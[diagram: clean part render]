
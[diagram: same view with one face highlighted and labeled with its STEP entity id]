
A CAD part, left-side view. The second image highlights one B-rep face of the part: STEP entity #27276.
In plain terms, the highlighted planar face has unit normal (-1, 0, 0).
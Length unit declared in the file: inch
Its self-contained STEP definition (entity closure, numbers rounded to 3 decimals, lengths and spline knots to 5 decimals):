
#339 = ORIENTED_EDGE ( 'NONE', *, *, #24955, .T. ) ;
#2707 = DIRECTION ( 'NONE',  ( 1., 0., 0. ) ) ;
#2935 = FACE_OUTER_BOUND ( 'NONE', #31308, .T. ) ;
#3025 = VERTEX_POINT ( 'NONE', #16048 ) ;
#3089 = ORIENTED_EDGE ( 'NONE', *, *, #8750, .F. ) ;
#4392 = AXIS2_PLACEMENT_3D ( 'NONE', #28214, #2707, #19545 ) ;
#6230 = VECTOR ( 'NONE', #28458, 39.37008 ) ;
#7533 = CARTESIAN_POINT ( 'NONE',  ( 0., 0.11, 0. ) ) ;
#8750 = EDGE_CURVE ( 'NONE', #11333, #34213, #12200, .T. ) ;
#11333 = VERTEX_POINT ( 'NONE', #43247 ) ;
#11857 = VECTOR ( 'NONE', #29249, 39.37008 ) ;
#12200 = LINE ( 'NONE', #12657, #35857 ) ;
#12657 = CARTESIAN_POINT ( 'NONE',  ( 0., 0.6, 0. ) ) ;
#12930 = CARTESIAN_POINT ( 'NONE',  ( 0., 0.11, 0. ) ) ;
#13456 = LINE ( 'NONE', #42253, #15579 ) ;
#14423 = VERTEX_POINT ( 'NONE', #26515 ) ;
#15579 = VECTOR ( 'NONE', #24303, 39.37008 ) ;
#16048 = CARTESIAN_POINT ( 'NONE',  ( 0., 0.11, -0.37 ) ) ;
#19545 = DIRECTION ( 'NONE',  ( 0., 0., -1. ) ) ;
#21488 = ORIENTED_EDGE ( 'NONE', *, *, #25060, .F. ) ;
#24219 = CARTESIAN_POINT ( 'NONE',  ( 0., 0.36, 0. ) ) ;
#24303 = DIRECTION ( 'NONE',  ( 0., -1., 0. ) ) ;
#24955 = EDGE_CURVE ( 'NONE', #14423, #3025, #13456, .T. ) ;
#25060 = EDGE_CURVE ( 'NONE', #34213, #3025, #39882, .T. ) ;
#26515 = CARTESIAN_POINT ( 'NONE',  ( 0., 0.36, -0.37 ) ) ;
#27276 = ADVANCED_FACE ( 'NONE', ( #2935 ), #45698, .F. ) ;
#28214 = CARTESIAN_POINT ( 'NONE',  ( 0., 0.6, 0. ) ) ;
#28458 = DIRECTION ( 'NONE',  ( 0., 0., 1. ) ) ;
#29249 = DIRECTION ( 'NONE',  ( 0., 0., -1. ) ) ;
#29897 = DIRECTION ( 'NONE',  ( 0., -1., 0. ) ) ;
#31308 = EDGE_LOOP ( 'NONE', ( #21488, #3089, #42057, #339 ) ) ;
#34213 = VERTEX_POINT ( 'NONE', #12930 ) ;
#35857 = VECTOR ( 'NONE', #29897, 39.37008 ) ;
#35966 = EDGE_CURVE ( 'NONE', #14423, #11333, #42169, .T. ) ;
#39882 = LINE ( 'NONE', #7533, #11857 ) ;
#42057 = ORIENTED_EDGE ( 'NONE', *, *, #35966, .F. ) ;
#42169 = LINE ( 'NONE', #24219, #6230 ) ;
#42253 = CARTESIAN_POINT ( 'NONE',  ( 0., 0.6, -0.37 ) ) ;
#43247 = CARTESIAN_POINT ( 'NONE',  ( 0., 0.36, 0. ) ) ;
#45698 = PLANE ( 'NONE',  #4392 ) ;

------------------------

Work instruction: Copy the lines above exactly, beginning at the line that has "#21488 = ORIENTED_EDGE" and stopping after the line that has "#31308 = EDGE_LOOP", and omit the rest.

Written reply:
#21488 = ORIENTED_EDGE ( 'NONE', *, *, #25060, .F. ) ;
#24219 = CARTESIAN_POINT ( 'NONE',  ( 0., 0.36, 0. ) ) ;
#24303 = DIRECTION ( 'NONE',  ( 0., -1., 0. ) ) ;
#24955 = EDGE_CURVE ( 'NONE', #14423, #3025, #13456, .T. ) ;
#25060 = EDGE_CURVE ( 'NONE', #34213, #3025, #39882, .T. ) ;
#26515 = CARTESIAN_POINT ( 'NONE',  ( 0., 0.36, -0.37 ) ) ;
#27276 = ADVANCED_FACE ( 'NONE', ( #2935 ), #45698, .F. ) ;
#28214 = CARTESIAN_POINT ( 'NONE',  ( 0., 0.6, 0. ) ) ;
#28458 = DIRECTION ( 'NONE',  ( 0., 0., 1. ) ) ;
#29249 = DIRECTION ( 'NONE',  ( 0., 0., -1. ) ) ;
#29897 = DIRECTION ( 'NONE',  ( 0., -1., 0. ) ) ;
#31308 = EDGE_LOOP ( 'NONE', ( #21488, #3089, #42057, #339 ) ) ;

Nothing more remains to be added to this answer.